> **Data for the task**:
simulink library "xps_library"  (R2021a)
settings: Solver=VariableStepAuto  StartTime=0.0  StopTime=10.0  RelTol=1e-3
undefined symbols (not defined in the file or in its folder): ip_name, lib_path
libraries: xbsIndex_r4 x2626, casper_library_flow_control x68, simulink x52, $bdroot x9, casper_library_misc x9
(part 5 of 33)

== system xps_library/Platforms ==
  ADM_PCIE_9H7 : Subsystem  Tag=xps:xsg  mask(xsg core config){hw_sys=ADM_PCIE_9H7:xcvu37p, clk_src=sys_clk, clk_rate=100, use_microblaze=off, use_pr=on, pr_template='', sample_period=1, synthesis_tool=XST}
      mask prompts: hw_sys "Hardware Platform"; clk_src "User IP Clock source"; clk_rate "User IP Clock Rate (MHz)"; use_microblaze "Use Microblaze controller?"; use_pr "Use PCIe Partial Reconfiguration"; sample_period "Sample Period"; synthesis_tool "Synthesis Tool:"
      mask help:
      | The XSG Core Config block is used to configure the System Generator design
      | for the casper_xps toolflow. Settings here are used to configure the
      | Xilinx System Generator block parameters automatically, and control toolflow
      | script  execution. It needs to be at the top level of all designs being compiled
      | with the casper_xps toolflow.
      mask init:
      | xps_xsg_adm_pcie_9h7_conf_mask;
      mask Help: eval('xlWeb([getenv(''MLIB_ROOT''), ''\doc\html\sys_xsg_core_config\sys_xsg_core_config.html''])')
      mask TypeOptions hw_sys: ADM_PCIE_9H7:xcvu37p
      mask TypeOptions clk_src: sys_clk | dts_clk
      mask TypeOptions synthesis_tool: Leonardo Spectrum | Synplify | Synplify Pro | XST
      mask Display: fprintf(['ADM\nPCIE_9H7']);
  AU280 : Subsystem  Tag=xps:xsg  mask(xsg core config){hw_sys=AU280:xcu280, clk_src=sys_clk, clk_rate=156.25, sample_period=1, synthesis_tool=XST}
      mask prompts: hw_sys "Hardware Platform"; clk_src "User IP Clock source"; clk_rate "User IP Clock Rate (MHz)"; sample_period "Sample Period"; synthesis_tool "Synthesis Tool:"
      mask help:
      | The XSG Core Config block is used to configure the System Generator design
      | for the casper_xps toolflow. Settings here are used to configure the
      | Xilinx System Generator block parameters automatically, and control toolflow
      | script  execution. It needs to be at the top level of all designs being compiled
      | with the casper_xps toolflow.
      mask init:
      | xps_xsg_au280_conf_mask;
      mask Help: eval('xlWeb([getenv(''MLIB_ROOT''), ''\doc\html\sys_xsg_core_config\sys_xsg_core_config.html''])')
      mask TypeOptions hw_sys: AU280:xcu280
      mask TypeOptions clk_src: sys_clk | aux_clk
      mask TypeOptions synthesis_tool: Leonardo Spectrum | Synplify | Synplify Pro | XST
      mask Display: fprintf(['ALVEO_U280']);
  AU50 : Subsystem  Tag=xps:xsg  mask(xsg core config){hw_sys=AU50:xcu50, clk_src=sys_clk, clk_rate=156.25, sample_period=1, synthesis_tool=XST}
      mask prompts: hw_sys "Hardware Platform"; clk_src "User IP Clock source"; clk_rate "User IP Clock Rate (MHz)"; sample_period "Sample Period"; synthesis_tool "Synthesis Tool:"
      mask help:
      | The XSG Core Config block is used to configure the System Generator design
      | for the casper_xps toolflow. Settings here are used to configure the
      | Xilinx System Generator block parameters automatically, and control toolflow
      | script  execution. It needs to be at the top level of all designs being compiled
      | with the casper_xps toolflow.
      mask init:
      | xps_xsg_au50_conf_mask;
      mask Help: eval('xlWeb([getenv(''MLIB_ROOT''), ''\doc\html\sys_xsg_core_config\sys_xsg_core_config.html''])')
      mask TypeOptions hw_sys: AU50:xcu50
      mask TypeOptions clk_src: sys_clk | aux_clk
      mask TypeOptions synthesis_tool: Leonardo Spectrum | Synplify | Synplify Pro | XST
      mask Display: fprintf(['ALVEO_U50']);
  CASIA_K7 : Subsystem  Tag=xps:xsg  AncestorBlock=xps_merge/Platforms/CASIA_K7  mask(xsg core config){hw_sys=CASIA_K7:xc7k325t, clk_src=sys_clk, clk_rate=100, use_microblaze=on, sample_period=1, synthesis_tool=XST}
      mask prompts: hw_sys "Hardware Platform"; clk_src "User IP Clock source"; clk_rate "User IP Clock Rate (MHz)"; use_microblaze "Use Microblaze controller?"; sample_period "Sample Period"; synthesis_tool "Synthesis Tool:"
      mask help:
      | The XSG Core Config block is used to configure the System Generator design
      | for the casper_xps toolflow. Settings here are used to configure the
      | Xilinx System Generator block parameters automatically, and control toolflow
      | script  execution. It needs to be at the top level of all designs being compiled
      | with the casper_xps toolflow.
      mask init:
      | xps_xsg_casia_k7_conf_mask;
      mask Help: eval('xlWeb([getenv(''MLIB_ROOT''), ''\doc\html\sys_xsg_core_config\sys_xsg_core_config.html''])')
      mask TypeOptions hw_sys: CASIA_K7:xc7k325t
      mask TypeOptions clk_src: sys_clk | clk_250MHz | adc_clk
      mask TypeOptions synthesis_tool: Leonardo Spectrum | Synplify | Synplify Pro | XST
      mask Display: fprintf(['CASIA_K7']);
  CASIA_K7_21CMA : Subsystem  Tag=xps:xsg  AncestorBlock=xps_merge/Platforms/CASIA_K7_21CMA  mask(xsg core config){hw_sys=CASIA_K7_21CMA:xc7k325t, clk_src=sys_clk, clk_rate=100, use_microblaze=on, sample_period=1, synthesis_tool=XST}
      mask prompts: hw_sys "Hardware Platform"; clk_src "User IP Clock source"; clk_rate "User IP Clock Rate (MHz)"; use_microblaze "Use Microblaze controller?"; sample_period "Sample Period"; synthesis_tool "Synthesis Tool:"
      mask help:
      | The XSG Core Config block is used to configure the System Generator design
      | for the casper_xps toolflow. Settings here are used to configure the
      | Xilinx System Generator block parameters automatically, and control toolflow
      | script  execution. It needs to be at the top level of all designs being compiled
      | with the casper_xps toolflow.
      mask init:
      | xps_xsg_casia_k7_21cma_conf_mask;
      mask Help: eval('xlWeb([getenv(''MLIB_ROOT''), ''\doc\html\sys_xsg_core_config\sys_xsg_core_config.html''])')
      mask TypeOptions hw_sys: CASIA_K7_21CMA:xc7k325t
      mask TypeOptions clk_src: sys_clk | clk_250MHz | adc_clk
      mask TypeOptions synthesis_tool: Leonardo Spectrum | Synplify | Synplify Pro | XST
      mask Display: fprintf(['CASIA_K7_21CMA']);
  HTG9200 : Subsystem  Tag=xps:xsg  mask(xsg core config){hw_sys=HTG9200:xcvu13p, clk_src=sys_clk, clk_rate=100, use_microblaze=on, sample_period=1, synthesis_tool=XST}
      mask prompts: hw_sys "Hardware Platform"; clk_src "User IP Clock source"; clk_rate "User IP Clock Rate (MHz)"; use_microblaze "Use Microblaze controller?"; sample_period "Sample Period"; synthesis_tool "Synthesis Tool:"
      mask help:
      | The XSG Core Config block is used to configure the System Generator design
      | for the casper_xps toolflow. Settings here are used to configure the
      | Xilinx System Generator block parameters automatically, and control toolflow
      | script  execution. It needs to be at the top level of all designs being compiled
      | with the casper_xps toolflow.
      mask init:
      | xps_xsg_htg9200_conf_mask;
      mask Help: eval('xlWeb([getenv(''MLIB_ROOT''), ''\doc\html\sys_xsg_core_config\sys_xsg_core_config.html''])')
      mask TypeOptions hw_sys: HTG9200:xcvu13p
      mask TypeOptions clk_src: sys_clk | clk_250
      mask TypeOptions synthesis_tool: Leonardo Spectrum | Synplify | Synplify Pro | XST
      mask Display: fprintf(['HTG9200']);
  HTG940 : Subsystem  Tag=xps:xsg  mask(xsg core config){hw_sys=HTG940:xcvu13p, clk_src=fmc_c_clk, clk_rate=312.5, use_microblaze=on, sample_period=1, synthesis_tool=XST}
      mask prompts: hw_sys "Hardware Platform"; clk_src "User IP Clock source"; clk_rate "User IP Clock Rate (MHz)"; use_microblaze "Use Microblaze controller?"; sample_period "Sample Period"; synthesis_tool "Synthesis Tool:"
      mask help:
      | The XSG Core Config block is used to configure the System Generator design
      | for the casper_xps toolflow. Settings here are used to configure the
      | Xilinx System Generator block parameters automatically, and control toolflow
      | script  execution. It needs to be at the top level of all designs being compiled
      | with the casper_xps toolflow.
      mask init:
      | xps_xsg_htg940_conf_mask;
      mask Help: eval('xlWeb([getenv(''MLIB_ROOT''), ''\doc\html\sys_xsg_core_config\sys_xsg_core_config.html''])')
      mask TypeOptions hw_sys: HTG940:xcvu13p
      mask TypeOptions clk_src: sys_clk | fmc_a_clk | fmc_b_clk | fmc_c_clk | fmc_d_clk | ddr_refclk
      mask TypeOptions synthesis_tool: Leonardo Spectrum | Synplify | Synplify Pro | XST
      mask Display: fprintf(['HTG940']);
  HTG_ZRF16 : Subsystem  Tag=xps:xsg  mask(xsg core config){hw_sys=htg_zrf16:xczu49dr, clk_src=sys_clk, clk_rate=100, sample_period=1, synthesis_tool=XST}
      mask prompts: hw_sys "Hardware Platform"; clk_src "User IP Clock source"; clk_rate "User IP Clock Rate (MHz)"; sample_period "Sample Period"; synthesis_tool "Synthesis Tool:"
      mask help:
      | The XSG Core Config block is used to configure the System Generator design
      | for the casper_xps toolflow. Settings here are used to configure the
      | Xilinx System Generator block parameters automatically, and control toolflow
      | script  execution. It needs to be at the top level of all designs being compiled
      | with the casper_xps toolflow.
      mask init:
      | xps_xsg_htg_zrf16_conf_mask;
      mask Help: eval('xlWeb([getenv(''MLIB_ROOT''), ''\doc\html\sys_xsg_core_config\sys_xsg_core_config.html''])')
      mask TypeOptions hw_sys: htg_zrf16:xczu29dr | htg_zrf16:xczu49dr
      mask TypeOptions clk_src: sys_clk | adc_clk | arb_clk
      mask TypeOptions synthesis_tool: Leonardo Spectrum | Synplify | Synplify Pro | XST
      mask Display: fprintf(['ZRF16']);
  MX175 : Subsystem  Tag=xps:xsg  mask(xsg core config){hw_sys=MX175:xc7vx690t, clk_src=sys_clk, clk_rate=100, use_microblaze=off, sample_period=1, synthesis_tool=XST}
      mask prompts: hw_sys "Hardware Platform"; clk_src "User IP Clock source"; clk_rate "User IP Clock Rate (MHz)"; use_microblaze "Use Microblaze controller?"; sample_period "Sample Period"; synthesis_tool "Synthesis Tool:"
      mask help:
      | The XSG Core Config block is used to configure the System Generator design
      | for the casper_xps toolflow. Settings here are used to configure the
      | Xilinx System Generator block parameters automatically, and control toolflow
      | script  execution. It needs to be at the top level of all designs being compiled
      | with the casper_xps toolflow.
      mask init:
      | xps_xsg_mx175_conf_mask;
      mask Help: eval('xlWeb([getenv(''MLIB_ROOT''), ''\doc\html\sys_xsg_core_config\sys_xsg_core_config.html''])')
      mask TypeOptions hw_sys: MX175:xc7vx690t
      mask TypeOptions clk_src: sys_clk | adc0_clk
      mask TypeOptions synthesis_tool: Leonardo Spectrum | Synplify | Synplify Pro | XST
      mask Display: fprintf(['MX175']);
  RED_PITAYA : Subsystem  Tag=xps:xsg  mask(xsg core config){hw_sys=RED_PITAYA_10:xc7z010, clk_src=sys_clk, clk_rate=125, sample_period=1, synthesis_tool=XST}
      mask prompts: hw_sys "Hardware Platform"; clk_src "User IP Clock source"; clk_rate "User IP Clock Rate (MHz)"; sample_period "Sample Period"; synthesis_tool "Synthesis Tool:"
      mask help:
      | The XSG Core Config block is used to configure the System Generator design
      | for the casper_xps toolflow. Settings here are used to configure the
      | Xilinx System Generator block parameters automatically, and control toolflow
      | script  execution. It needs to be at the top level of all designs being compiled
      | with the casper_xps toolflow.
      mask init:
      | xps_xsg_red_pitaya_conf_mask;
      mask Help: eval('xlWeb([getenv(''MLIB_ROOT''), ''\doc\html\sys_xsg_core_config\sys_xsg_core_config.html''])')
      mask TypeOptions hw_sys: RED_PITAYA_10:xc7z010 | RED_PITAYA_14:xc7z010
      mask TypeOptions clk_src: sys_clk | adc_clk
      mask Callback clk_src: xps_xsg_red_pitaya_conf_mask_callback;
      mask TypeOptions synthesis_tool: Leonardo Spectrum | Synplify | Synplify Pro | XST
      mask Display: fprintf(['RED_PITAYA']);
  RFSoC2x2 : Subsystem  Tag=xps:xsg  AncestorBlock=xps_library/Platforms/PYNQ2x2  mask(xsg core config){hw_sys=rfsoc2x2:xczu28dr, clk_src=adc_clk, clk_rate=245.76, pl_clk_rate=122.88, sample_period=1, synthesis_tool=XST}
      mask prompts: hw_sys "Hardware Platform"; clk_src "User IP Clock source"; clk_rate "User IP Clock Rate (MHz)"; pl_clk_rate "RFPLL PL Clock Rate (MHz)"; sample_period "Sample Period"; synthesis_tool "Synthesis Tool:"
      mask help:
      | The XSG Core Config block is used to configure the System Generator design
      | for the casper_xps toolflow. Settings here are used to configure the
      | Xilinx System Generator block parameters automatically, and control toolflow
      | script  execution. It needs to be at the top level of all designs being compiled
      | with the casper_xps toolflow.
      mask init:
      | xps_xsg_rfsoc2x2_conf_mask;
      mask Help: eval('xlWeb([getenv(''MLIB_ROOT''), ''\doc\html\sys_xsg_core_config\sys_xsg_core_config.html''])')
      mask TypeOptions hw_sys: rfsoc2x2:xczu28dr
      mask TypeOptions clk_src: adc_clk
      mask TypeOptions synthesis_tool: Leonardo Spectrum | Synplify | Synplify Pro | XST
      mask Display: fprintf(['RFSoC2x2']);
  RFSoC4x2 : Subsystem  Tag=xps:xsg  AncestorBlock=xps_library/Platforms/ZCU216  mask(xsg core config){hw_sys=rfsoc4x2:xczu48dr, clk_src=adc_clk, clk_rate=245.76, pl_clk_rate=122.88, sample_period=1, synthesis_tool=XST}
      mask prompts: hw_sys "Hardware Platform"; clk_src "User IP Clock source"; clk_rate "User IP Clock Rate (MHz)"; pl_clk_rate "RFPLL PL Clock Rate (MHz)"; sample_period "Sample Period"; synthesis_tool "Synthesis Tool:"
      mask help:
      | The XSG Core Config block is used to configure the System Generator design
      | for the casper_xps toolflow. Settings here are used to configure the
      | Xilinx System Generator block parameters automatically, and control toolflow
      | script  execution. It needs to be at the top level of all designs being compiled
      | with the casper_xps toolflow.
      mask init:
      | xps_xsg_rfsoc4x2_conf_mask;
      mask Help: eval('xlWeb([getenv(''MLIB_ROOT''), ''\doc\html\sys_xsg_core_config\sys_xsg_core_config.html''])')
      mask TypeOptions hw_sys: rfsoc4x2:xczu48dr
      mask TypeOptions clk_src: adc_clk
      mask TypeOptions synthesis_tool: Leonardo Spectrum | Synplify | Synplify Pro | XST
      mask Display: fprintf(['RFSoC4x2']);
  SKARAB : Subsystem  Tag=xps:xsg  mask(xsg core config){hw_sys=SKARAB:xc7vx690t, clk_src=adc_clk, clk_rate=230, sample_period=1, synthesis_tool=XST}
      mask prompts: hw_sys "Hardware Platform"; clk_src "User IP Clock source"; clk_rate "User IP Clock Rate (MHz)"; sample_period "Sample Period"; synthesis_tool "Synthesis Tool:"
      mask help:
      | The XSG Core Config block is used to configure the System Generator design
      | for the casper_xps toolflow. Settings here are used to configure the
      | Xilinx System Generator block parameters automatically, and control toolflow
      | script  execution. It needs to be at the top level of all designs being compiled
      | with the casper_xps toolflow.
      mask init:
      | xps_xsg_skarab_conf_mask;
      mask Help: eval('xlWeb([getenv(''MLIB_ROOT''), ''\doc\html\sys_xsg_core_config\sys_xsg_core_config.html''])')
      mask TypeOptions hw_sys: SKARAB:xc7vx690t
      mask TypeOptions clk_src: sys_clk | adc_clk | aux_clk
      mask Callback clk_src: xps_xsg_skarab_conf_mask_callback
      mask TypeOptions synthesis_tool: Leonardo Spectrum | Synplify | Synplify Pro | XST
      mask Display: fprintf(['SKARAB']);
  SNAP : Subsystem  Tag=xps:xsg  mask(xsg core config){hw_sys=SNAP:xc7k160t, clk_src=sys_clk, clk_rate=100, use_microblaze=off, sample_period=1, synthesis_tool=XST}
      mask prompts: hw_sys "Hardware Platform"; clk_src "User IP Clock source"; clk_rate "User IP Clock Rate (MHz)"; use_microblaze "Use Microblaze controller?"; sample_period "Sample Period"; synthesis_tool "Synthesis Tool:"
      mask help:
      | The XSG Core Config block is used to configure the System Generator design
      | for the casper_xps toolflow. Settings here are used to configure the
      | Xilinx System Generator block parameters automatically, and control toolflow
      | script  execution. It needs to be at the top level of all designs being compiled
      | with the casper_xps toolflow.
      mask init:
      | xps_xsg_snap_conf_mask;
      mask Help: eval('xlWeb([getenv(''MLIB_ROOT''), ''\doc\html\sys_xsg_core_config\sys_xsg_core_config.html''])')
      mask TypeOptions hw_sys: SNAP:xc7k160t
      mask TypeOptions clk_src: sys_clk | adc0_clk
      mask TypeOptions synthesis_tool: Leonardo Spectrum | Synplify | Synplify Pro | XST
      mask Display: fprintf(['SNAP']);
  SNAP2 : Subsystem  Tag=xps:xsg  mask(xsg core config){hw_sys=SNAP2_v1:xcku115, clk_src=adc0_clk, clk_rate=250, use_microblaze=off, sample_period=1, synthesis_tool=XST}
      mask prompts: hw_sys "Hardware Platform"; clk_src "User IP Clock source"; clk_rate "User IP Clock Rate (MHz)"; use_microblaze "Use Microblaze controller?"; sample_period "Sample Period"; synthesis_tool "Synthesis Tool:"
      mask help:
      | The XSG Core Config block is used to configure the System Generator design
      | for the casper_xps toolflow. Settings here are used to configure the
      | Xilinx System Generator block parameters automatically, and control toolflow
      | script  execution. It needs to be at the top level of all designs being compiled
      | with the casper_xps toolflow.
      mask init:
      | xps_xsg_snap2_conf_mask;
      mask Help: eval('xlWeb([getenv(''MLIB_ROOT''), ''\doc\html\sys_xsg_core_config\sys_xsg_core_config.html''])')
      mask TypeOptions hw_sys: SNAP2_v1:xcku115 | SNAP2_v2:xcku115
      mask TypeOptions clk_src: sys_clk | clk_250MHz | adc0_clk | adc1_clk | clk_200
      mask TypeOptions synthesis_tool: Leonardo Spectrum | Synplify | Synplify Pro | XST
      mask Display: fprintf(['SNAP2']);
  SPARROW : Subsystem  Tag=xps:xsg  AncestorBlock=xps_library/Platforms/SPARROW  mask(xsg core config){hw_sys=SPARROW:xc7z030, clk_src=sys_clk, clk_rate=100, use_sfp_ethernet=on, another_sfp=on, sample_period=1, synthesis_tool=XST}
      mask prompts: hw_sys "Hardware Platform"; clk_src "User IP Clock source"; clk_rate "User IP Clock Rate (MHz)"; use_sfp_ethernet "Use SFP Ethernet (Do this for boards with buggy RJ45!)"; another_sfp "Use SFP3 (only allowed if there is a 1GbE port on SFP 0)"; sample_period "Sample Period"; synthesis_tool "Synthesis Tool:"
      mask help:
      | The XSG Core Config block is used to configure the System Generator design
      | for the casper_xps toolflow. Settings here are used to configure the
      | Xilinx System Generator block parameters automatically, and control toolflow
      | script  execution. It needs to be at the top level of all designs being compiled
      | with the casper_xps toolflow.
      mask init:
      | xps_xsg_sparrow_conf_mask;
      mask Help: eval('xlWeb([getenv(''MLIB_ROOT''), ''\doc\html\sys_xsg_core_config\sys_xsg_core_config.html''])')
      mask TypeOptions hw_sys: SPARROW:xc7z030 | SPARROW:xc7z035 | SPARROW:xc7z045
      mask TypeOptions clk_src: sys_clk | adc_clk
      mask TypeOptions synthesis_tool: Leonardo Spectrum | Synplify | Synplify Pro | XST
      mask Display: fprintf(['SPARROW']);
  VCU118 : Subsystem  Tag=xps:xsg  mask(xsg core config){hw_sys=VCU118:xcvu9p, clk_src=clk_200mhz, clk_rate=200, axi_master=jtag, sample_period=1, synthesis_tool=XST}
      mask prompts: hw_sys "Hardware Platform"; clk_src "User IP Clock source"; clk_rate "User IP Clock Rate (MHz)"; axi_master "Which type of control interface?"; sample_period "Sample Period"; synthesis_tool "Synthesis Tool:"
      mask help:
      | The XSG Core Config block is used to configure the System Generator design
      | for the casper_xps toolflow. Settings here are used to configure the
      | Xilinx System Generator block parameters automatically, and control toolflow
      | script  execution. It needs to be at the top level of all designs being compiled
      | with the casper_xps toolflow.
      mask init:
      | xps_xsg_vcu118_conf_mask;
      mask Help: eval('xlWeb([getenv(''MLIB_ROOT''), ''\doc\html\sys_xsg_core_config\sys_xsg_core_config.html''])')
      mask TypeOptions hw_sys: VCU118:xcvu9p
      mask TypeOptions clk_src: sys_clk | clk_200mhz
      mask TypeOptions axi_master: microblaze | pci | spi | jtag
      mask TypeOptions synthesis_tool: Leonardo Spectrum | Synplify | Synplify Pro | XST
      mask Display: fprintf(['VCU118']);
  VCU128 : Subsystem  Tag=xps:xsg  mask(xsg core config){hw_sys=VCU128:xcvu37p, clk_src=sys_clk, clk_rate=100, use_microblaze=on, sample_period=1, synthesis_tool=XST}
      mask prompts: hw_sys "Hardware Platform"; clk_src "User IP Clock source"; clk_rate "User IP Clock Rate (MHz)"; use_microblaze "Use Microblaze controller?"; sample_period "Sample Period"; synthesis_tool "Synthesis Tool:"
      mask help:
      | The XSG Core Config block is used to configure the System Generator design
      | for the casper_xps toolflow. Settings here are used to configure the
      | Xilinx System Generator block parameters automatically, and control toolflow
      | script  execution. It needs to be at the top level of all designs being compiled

> **What you should do**: From the records given above, copy all lines containing "jtag".

> **Reply to the task**:
  VCU118 : Subsystem  Tag=xps:xsg  mask(xsg core config){hw_sys=VCU118:xcvu9p, clk_src=clk_200mhz, clk_rate=200, axi_master=jtag, sample_period=1, synthesis_tool=XST}
      mask TypeOptions axi_master: microblaze | pci | spi | jtag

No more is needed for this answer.